老人ホームで怠慢や虐待の兆候を見分ける方法
多くの老人ホームは自宅での介護が難しい高齢者や病気の方にとって安全な選択肢です。しかし、残念ながら怠慢や高齢者虐待が起こるケースもあります。明らかなサインもあれば、見逃しやすい微細なサインもあります。
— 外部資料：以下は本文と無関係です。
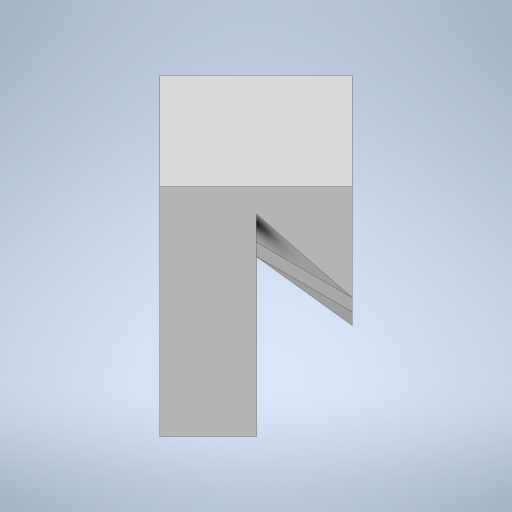
# Autodesk Inventor part: Деталь1
Saved by Autodesk Inventor 2023.2 (Build 272271030, 271C)
## iProperties
Created: 2023-09-29
Part Number: Деталь1
Material: Типовые
Document SubType Name: Modeling
Designer: User
Density: 1 g/cm^3
Appearance: По умолчанию
Author: User
Autodesk Inventor part; units mm, degrees
ref_plane "YZ Plane" through (0, 0, 0) normal (1, 0, 0) x (0, 1, 0)
ref_plane "XZ Plane" through (0, 0, 0) normal (0, 1, 0) x (-1, 0, 0)
ref_plane "XY Plane" through (0, 0, 0) normal (0, 0, 1) x (1, 0, 0)
sketch "Эскиз4" plane through (0, 0, 0) normal (0, 1, 0) x (-1, 0, 0)
  line L0 (-40, 0) -> (0, 40)
  line L1 (0, 40) -> (40, 0)
  line L2 (40, 0) -> (0, -40)
  line L3 (0, -40) -> (-40, 0)
  point P0 (0, 0)
  point P1 (0, 0)
  constraints: 8 end point, 9 other
extrude "Выдавливание2" add sketch "Эскиз4" along normal blind 90
sketch "Эскиз5" plane through (0, 0, 0) normal (1, 0, 0) x (0, 1, 0)
  line L0 (50, -19.8959) -> (-50, -19.8959)
  line L1 (-50, -19.8959) -> (-50, 19.8959)
  line L2 (-50, 19.8959) -> (50, 19.8959)
  line L3 (50, 19.8959) -> (50, -19.8959)
  line L4 (0, 0) -> (0, 40) projected
  line L5 (50, -19.8959) -> (-50, 19.8959) construction
  line L6 (-50, -19.8959) -> (50, 19.8959) construction
  line L7 (0, -40) -> (0, 0) projected
  line L8 (0, -40) -> (25, -19.8959)
  line L9 (0, 0) -> (90, 0) projected
  line L10 (50, 0) -> (80, 19.8959)
  line L11 (80, 19.8959) -> (50, 19.8959)
  line L12 (90, 0) -> (90, 40) projected
  point P0 (90, 20)
  point P1 (0, 19.8959)
  dimension "d8" = 100
  dimension "d9" = 25
  dimension "d10" = 10
  constraints: 18 end point, 4 midpoint, 2 horizontal, 2 parallel, 2 point on line, 1 perpendicular
  measures "d8" distance of L1.end L2.end
  measures "d9" horizontal distance of L7.start L8.end
  measures "d10" horizontal distance of point (90, 20) L10.end
extrude "Выдавливание3" cut sketch "Эскиз5" along normal mid plane 150 contours L0 L7 L9 L3 | L8 L7 L0 | L9 L4 L2 L3 | L3 L11 L10

本記事では、老人ホームで見られる怠慢や虐待の兆候を5つのポイントに分けて解説します。
怠慢・虐待のサインチェックリスト
- 身体的な怠慢のサイン
皮膚が薄く傷つきやすい高齢者は、擦り傷や裂傷が頻繁に見られます。顔や見えにくい部位に不自然な打撲や痣、説明できない怪我や捻挫、寝たきりの方の傷や痣は要注意です。本人の生活歴と合わない怪我があれば、虐待の可能性を疑いましょう。
- 心理的・行動の変化
普段は社交的で話好きな方が急に攻撃的になったり、静かな方が口論的になることがあります。不要な拘束や孤立、排除は怠慢のサインです。心理的虐待は見分けにくいことが多いので注意が必要です。
- 隠れた傷の確認
腕の下や首回り、衣服の下に火傷や爪痕、打撲がないかチェックします。医師への報告とすべての傷の記録は必須です。介護者が怪我の原因を説明できない場合は、怠慢や虐待の可能性が高いと判断しましょう。
- 衛生状態のチェック
清潔な衣類や寝具、整理された環境が基本です。尿や糞の強い臭いが常に漂っている場合は、清掃が行き届いていないサインです。老人ホームの通常の匂いではありません。
- 栄養・健康状態の変化
栄養失調や体重減少、脱水症状が病気以外の原因で起きている場合、傷の治りが遅い、褥瘡(床ずれ)が繰り返す、慢性的な感染症や適切に処置されていない怪我は、怠慢の可能性があります。
以上のサインに気付いたら、施設の管理者や担当医に速やかに相談し、適切な対応を求めましょう。